To that effect, I haven't seen anything that works on a general scope. Projects adopt the solutions available, and then use their output as intermediaries for actually useful objects (leading to a bunch of wheel reinventing that probably should be baked in upstream). Or, the projects compromise YAML readability for ease of parsing from YAML to objects.

@gaelcolas

I agree YAML support is core, instead of the PS team re-writing from scratch, why not help existing maintainers of projects to improve, and give them an opportunity to merge projects and hear from them what it would take

Ask yourself why MSFT started .Net Core project instead of continuing Mono many years later.

MSFT is a community too. And as any community has the same problems of interaction with other communities.

For context, I am not implying any work be done from scratch - code could be adopted - but should then be scrutinized from a Systems Development architecture perspective before being improved. It could even be open source after that review and re-release.

My point is to have a significant architectural review and remediation from a team that thoroughly understands the nuances of core code that will be leveraged virtually everywhere.

Another model always worth considering is acquire/contract/second.
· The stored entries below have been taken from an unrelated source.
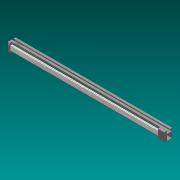
# Autodesk Inventor part: 连接桥
Saved by Autodesk Inventor 2021 (Build 250183000, 183)
## iProperties
Created: 2025-04-17
Part Number: 连接桥
Material: 常规
Document SubType Name: Modeling
Designer: 86155
Density: 1 g/cm^3
Appearance: 默认
Author: 86155
Autodesk Inventor part; units mm, degrees
ref_plane "YZ Plane" through (0, 0, 0) normal (1, 0, 0) x (0, 1, 0)
ref_plane "XZ Plane" through (0, 0, 0) normal (0, 1, 0) x (-1, 0, 0)
ref_plane "XY Plane" through (0, 0, 0) normal (0, 0, 1) x (1, 0, 0)
sketch "草图1" plane through (0, 0, 0) normal (1, 0, 0) x (0, 1, 0)
  line L0 (21, 12.5) -> (-21, 12.5)
  line L1 (-21, 12.5) -> (-21, -12.5)
  line L2 (-21, -12.5) -> (21, -12.5)
  line L3 (21, 12.5) -> (-21, -12.5) construction
  line L4 (-21, 12.5) -> (21, -12.5) construction
  line L5 (19, 10.5) -> (-19, 10.5)
  line L6 (-19, 10.5) -> (-19, -10.5)
  line L7 (-19, -10.5) -> (19, -10.5)
  line L8 (21, 4.5) -> (19, 4.5)
  line L9 (21, -4.5) -> (19, -4.5)
  line L10 (21, -12.5) -> (21, -4.5)
  line L11 (21, 4.5) -> (21, 12.5)
  line L12 (19, -10.5) -> (19, -4.5)
  line L13 (19, 4.5) -> (19, 10.5)
  line L14 (0, 10.5) -> (-2, 10.5)
  line L15 (-2, -10.5) -> (0, -10.5)
  line L16 (8, -12.5) -> (6, -12.5)
  line L17 (6, -12.5) -> (6, 12.5)
  line L18 (6, 12.5) -> (8, 12.5)
  line L19 (8, 12.5) -> (8, -12.5)
  point P0 (0, 0)
  point P1 (6, -10.5)
  point P2 (6, 10.5)
  point P3 (8, -10.5)
  point P4 (8, 10.5)
  dimension "d0" = 42
  dimension "d1" = 25
  dimension "d3" = 8
  dimension "d4" = 8
  dimension "d9" = 2
  dimension "d10" = 25
  constraints: 40 end point, 9 parallel, 7 perpendicular, 3 horizontal, 3 midpoint, 3 point on line, 2 other
  measures "d0" distance of L2.end L1.end
  measures "d1" distance of L1.end L0.end
  measures "d3" distance between parallel lines of L2 L9
  measures "d4" distance between parallel lines of L0 L8
  measures "d9" distance of L17.end L18.end
  measures "d10" distance between parallel lines of L6 L17
extrude "拉伸2" add sketch "草图1" along normal blind 680 contours L11 L8 L13 L5 L19 L0 | L19 L5 L17 L0 | L17 L5 L6 L7 L2 L1 L0 | L19 L7 L17 L5 | L19 L2 L17 L7 | L7 L12 L9 L10 L2 L19
sketch "草图2" plane through (0, -19, -10.5) normal (0, 0, 1) x (1, 0, 0)
  circle A0 centre (617.3314, 19) radius 3.3235 projected
  circle A1 centre (647.3314, 19) radius 3.3235 projected
  point P0 (0, 19)
extrude "拉伸3" cut sketch "草图2" against normal blind 2
sketch "草图3" plane through (0, 0, 0) normal (-1, 0, 0) x (0, 0, 1)
  line L0 (-12.5, 21) -> (-4.5, 21) projected
  line L1 (-12.5, -21) -> (-12.5, 21) projected
  line L2 (12.5, -21) -> (-12.5, -21) projected
  line L3 (12.5, 21) -> (12.5, -21) projected
  line L4 (4.5, 21) -> (12.5, 21) projected
  line L5 (4.5, 19) -> (4.5, 21) projected
  line L6 (10.5, 19) -> (4.5, 19) projected
  line L7 (10.5, 8) -> (10.5, 19) projected
  line L8 (-10.5, 8) -> (10.5, 8) projected
  line L9 (-10.5, 19) -> (-10.5, 8) projected
  line L10 (-4.5, 19) -> (-10.5, 19) projected
  line L11 (-4.5, 21) -> (-4.5, 19) projected
  line L12 (-10.5, 6) -> (-10.5, -19) projected
  line L13 (10.5, 6) -> (-10.5, 6) projected
  line L14 (10.5, -19) -> (10.5, 6) projected
  line L15 (-10.5, -19) -> (10.5, -19) projected
  line L16 (-10.5, 8) -> (-10.5, 6)
  line L17 (-10.5, 8) -> (10.5, 8) projected
  line L18 (10.5, -19) -> (10.5, 6) projected
  line L19 (10.5, 8) -> (10.5, 6)
  point P0 (0, 0)
  constraints: 4 end point, 1 collinear
extrude "拉伸4" add sketch "草图3" along normal blind 40 contours L0 L11 L10 L9 L16 L12 L15 L14 L19 L7 L6 L5 L4 L3 L2 L1
sketch "草图4" plane through (680, -21, 12.5) normal (0, 0, 1) x (1, 0, 0)
  circle A0 centre (-698, 21) radius 4.25
  line L0 (-720, 0) -> (-720, 42) projected
  point P0 (-680, 21)
  dimension "d17" = 8.5
  dimension "d18" = 22
  constraints: 1 centre point
  measures "d17" diameter of A0
  measures "d18" distance from line of L0 A0.centre
extrude "拉伸5" cut sketch "草图4" against normal blind 40
sketch "草图5" plane through (-40, 0, 0) normal (-1, 0, 0) x (0, 0, 1)
  line L0 (4.5, 21) -> (12.5, 21) projected
  line L1 (12.5, 21) -> (22.5, 21)
  line L2 (22.5, 21) -> (22.5, -21)
  line L3 (22.5, -21) -> (12.5, -21)
  line L4 (12.5, -21) -> (12.5, 21)
  point P0 (0, 0)
  dimension "d21" = 10
  dimension "d22" = 42
  constraints: 8 end point, 2 parallel, 1 horizontal, 1 perpendicular
  measures "d21" distance of L2.end L3.end
  measures "d22" distance of L1.end L2.end
extrude "拉伸6" add sketch "草图5" against normal blind 10
chamfer "倒角1" distance 2 angle 45 2 edges at (-35, 21, 22.5) (-35, -21, 22.5)
sketch "草图6" plane through (-30, 0, 0) normal (1, 0, 0) x (0, 0, -1)
  line L0 (-12.5, 21) -> (-12.5, -21) projected
  line L1 (-20.5, -10) -> (-20.5, 10)
  line L2 (-12.5, 10) -> (-12.5, -10)
  line L3 (-12.5, 21) -> (-20.5, 21) projected
  line L4 (-15.5, -10) -> (-15.5435, -10)
  line L5 (-15.5, -10) -> (-17.5, -10)
  line L6 (-17.5, -10) -> (-17.5, -7)
  line L7 (-17.5, -7) -> (-15.5, -7)
  line L8 (-15.5, -7) -> (-15.5, -10)
  line L9 (-15.5, 10) -> (-15.5, 7)
  line L10 (-15.5, 7) -> (-17.5, 7)
  line L11 (-17.5, 7) -> (-17.5, 10)
  line L12 (-20.5, 10) -> (-17.5, 10)
  line L13 (-15.5, 10) -> (-12.5, 10)
  line L14 (-12.5, -10) -> (-15.5, -10)
  line L15 (-17.5, -10) -> (-20.5, -10)
  point P0 (0, 0)
  dimension "d30" = 8
  dimension "d31" = 3
  dimension "d32" = 2
  dimension "d35" = 2
  constraints: 28 end point, 8 parallel, 4 horizontal, 3 perpendicular, 1 point on line
  measures "d30" distance between parallel lines of L0 L1
  measures "d31" distance between parallel lines of L1 L6
  measures "d32" distance between parallel lines of L8 L6
  measures "d35" distance between parallel lines of L11 L9
extrude "拉伸7" add sketch "草图6" along normal blind 680 contours L0 L14 L8 L7 L6 L15 L1 L12 L11 L10 L9 L13
sketch "草图7" plane through (650, 0, 0) normal (1, 0, 0) x (0, 0, -1)
  line L0 (-15.5, 10) -> (-12.5, 10) projected
  line L1 (-12.5, 21) -> (-12.5, 10) projected
  line L2 (-12.5, 21) -> (-20.5, 21) projected
  line L3 (-22.5, 19) -> (-20.5, 21) projected
  line L4 (-22.5, 19) -> (-22.5, -19) projected
  line L5 (-20.5, -21) -> (-22.5, -19) projected
  line L6 (-20.5, -21) -> (-12.5, -21) projected
  line L7 (-12.5, -10) -> (-12.5, -21) projected
  line L8 (-12.5, -10) -> (-15.5, -10) projected
  line L9 (-15.5, -10) -> (-15.5, -7) projected
  line L10 (-15.5, -7) -> (-17.5, -7) projected
  line L11 (-17.5, -7) -> (-17.5, -10) projected
  line L12 (-17.5, -10) -> (-20.5, -10) projected
  line L13 (-20.5, -10) -> (-20.5, 10) projected
  line L14 (-20.5, 10) -> (-17.5, 10) projected
  line L15 (-17.5, 10) -> (-17.5, 7) projected
  line L16 (-17.5, 7) -> (-15.5, 7) projected
  line L17 (-15.5, 7) -> (-15.5, 10) projected
  line L18 (-12.5, 10) -> (-12.5, -10) projected
  line L19 (-12.5, 10) -> (-15.5, 10) projected
  line L20 (-15.5, 10) -> (-15.5, 7) projected
  line L21 (-15.5, 7) -> (-17.5, 7) projected
  line L22 (-17.5, 7) -> (-17.5, 10) projected
  line L23 (-17.5, 10) -> (-20.5, 10) projected
  line L24 (-20.5, 10) -> (-20.5, -10) projected
  line L25 (-20.5, -10) -> (-17.5, -10) projected
  line L26 (-17.5, -10) -> (-17.5, -7) projected
  line L27 (-17.5, -7) -> (-15.5, -7) projected
  line L28 (-15.5, -7) -> (-15.5, -10) projected
  line L29 (-15.5, -10) -> (-12.5, -10) projected
  point P0 (0, 0)
extrude "拉伸8" add sketch "草图7" along normal blind 30
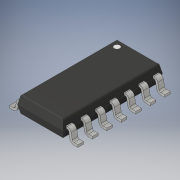
# Autodesk Inventor part: Semiconductor_SOIC-14
Saved by Autodesk Inventor 2017 (Build 210142000, 142)
## iProperties
Created: 2016-07-22
Part Number: Semiconductor_SOIC-14
Material: ABS Plastic
Document SubType Name: Modeling
Designer: Bradley
Density: 1.06 g/cm^3
Appearance: Smooth - Black
Author: Bradley
Autodesk Inventor part; units mm, degrees
ref_plane "YZ Plane" through (0, 0, 0) normal (1, 0, 0) x (0, 1, 0)
ref_plane "XZ Plane" through (0, 0, 0) normal (0, 1, 0) x (-1, 0, 0)
ref_plane "XY Plane" through (0, 0, 0) normal (0, 0, 1) x (1, 0, 0)
sketch "Sketch1" plane through (0, 0, 0) normal (0, 1, 0) x (-1, 0, 0)
  line L0 (-2, 4.375) -> (2, 4.375)
  line L1 (2, 4.375) -> (2, -4.375)
  line L2 (2, -4.375) -> (-2, -4.375)
  line L3 (-2, -4.375) -> (-2, 4.375)
  line L4 (-2, 4.375) -> (2, -4.375) construction
  line L5 (2, 4.375) -> (-2, -4.375) construction
  point P0 (0, 0)
  dimension "d0" = 4
  dimension "d1" = 8.75
  constraints: 12 end point, 2 midpoint, 2 parallel, 1 horizontal, 1 perpendicular
  measures "d0" distance of L1.end L2.end
  measures "d1" distance of L0.end L1.end
extrude "Extrusion1" add sketch "Sketch1" along normal blind 0.75 draft -12
sketch "Sketch2" plane through (0, 0, 0) normal (0, -1, 0) x (1, 0, 0)
  line L0 (2, 4.375) -> (-2, 4.375) projected
  line L1 (2, 4.375) -> (-2, 4.375) projected
  line L2 (-2, 4.375) -> (-2, -4.375) projected
  line L3 (-2, -4.375) -> (2, -4.375) projected
  line L4 (2, -4.375) -> (2, 4.375) projected
  point P0 (0, 0)
extrude "Extrusion2" add sketch "Sketch2" along normal blind 0.75 draft -12
fillet "Fillet1" radius 0.1 8 edges at (-1.8406, 0.75, 0) (0, 0.75, 4.2156) (0, 0.75, -4.2156) (1.8406, 0.75, 0) (1.8406, -0.75, 0) (0, -0.75, 4.2156) (-1.8406, -0.75, 0) (0, -0.75, -4.2156)
sketch "Sketch3" plane through (0, 0, 0) normal (0, 1, 0) x (-1, 0, 0)
  line L0 (2, 4.375) -> (2, -4.375) projected
  line L1 (-2, 4.375) -> (2, 4.375) projected
  line L2 (2, 4.06) -> (2.05, 4.06)
  line L3 (2.05, 4.06) -> (2.05, 3.56)
  line L4 (2.05, 3.56) -> (2, 3.56)
  line L5 (2, 3.56) -> (2, 4.06)
  line L6 (-2, -4.375) -> (-2, 4.375) projected
  line L7 (-2, 4.06) -> (-2.05, 4.06)
  line L8 (-2.05, 4.06) -> (-2.05, 3.56)
  line L9 (-2.05, 3.56) -> (-2, 3.56)
  line L10 (-2, 3.56) -> (-2, 4.06)
  line L11 (-2, 3.56) -> (2, 3.56)
  line L12 (2, 3.56) -> (2, 4.06)
  line L13 (2, 4.06) -> (-2, 4.06)
  line L14 (-2, 4.06) -> (-2, 3.56)
  point P0 (0, 0)
  point P1 (2, 3.81)
  dimension "d7" = 0.5
  dimension "d8" = 3.81
  dimension "d9" = 0.05
  constraints: 24 end point, 6 parallel, 4 point on line, 3 horizontal, 3 perpendicular, 1 collinear, 1 midpoint
  measures "d7" distance of L2.end L3.end
  measures "d8" vertical distance of point (2, 3.81) point (0, 0)
  measures "d9" distance of L3.end L4.end
extrude "Extrusion3" add sketch "Sketch3" along normal blind 0.2 contours L2 L3 L4 L0 | L0 L11 L6 L13 | L6 L9 L8 L7
sketch "Sketch4" plane through (-2.05, 0, 4.06) normal (0, 0, 1) x (1, 0, 0)
  line L0 (0.0925, 0.2) -> (0.05, 0) projected
  line L1 (0, 0.2) -> (0.0925, 0.2) projected
  line L2 (0, 0) -> (0, 0.2) projected
  line L3 (0, 0) -> (0.05, 0) projected
  line L4 (4.05, 0) -> (4.0075, 0.2) projected
  line L5 (4.05, 0) -> (4.1, 0) projected
  line L6 (4.1, 0) -> (4.1, 0.2) projected
  line L7 (4.0075, 0.2) -> (4.1, 0.2) projected
  line L8 (0, 0) -> (0.05, 0) projected
  arc A0 (0, 0) -> (-0.1472, -0.121) centre (0, -0.15) ccw
  arc A1 (-0.5934, -0.925) -> (-0.25, -0.6427) centre (-0.5934, -0.575) ccw
  line L9 (0, 0.2) -> (0.0925, 0.2) projected
  arc A2 (0, 0.2) -> (-0.3434, -0.0823) centre (0, -0.15) ccw
  arc A3 (-0.5934, -0.725) -> (-0.4462, -0.604) centre (-0.5934, -0.575) ccw
  line L10 (-0.5934, -0.925) -> (-0.95, -0.925)
  line L11 (-0.95, -0.925) -> (-0.95, -0.725)
  line L12 (-0.95, -0.725) -> (-0.5934, -0.725)
  line L13 (-0.3434, -0.0823) -> (-0.4462, -0.604)
  line L14 (-0.1472, -0.121) -> (-0.25, -0.6427)
  line L15 (3.8096, -0.75) -> (0.2904, -0.75) projected
  line L16 (0, 0.2) -> (0, 0)
  line L17 (0.2904, 0.75) -> (3.8096, 0.75) projected
  line L18 (2.05, 0.75) -> (2.05, -0.75)
  line L19 (4.1, 0) -> (4.1, 0.2)
  arc A4 (4.2472, -0.121) -> (4.1, 0) centre (4.1, -0.15) ccw
  arc A5 (4.35, -0.6427) -> (4.6934, -0.925) centre (4.6934, -0.575) ccw
  arc A6 (4.4434, -0.0823) -> (4.1, 0.2) centre (4.1, -0.15) ccw
  arc A7 (4.5462, -0.604) -> (4.6934, -0.725) centre (4.6934, -0.575) ccw
  line L20 (4.6934, -0.925) -> (5.05, -0.925)
  line L21 (5.05, -0.925) -> (5.05, -0.725)
  line L22 (5.05, -0.725) -> (4.6934, -0.725)
  line L23 (4.4434, -0.0823) -> (4.5462, -0.604)
  line L24 (4.2472, -0.121) -> (4.35, -0.6427)
  point P0 (2.05, 0)
  dimension "d12" = 0.15
  dimension "d13" = 0.15
  dimension "d16" = 0.7
  dimension "d17" = 0.175
  dimension "d25" = 6
  constraints: 26 end point, 16 point on circle, 12 symmetric about line, 8 centre point, 6 tangent, 4 coincident, 2 equal length, 2 midpoint, 2 perpendicular, 1 horizontal, 1 parallel, 4 other
  measures "d12" radius of A0
  measures "d13" radius of A3
  measures "d16" distance from line of L11 L14.end
  measures "d17" distance between parallel lines of L10 L15
  measures "d25" distance between parallel lines of L21 L11
extrude "Extrusion4" add sketch "Sketch4" against normal up to surface (0.5 mm away) contours L2 A0 L14 A1 L10 L11 L12 A3 L13 A2 | L6 A6 L23 A7 L22 L21 L20 A5 L24 A4
pattern_linear "Rectangular Pattern1" count 7 spacing 1.27 along (0, 0, -1) of "Extrusion4", "Extrusion3"
sketch "Sketch5" plane through (0, 0.75, 0) normal (0, 1, 0) x (1, 0, 0)
  line L0 (1.7596, -4.1346) -> (-1.7596, -4.1346) projected
  line L1 (1.7596, 4.1346) -> (1.7596, -4.1346) projected
  line L2 (-1.7596, 4.1346) -> (1.7596, 4.1346) projected
  line L3 (-1.7596, -4.1346) -> (-1.7596, 4.1346) projected
  circle A0 centre (-1.2596, 3.6346) radius 0.25
  circle A1 centre (-1.2596, 3.6346) radius 0.5 construction
  line L4 (-1.7596, -4.1346) -> (-1.7596, 4.1346) projected
  line L5 (-1.7596, -4.1346) -> (1.7596, -4.1346) construction
  line L6 (-1.7596, 4.1346) -> (1.7596, 4.1346) construction
  point P0 (0, 0)
  dimension "d26" = 1
  dimension "d27" = 0.5
  constraints: 2 centre point, 2 tangent, 1 coincident
  measures "d26" diameter of A1
  measures "d27" diameter of A0
extrude "Extrusion5" add sketch "Sketch5" along normal blind 0.01 contours A0
equation "\"d13\" = d12"
body "Solid1"

On this basis an effort is made to reach commercial terms with one or more community members/firms to recruit their services for a MSFT-led/facilitated development cycle to re-vamp and (in some fashion) integrate/connect the product(s). This was done successfully with Xamarin, which kicked the project to the Net Foundation, licensed it under MIT, and recruited/contracted/involved key resources such as Miguel de Icaza and Nat Friedman via Xamarin. Some whine that this is open source treason. But it does create positive incentives for folks and small firms to conceive and develop projects that later could be fit for widespread adoption and integration into at least one major ecosystem. Certainly it's preferred to jumping straight to a blank slate in-house redo that copies the whole concept and functionality and many of the ideas but jettisons the creators and (ostensibly) the code.

@iSazonov sorry for a late reply, no the platyPS yaml parser is no good: it only supports key value pairs. We also use YamlDotNet to generate yaml there.

Regarding the sentiment towards keeping this out of the core feature set: there's a very significant difference in how PowerShell handles dependencies compared to, say, Ruby, Python or Node.js.

Each of these languages has dependency management tools (bundler, pip, npm/yarn) which make the management of external dependencies easy and, more importantly, reproducible. Having something like a Gemfile/Gemfile.lock or package.json/package-lock.json [,yarn.lock] which makes for easy installation of all required packages and ensures that you are staying at a very specific patch level is a very significant distinction which is, in my opinion, what makes third-party libraries for something this fundamental feasible.

Perhaps there's something that could be done with Nuget to solve this issue, but I've never seen any articles describing dependency management strategies/patterns for PowerShell. Having the gallery is great, but if you've got to install all required packages manually it becomes unfeasible for any significant deployment.

edit:
So it seems like what I'm looking for _may_ be available already: https://docs.microsoft.com/en-us/powershell/wmf/5.0/psget_moduledependency. I'll test this out as soon as I have a moment. If it works, I'll need to reconsider my position on whether this should be a core item or not. I'm still having difficulty reconciling it against the fact that JSON is a core functionality, but I suppose that it could be considered a "lowest common denominator".

@bgshacklett makes a super good point.

@chuanjiao10 - please stop disruptive comments across many of the issues in this repository, the correct solution would not be to include them in the Microsoft.PowerShell.Utility module and infact ship them as a separate module hosted in the PowerShellGallery

When you say natively, do you mean like XML or JSON?

The current thinking is that YAML should not be baked into PowerShell at all, instead it should be a separate module that you can update without picking up a new version of PowerShell.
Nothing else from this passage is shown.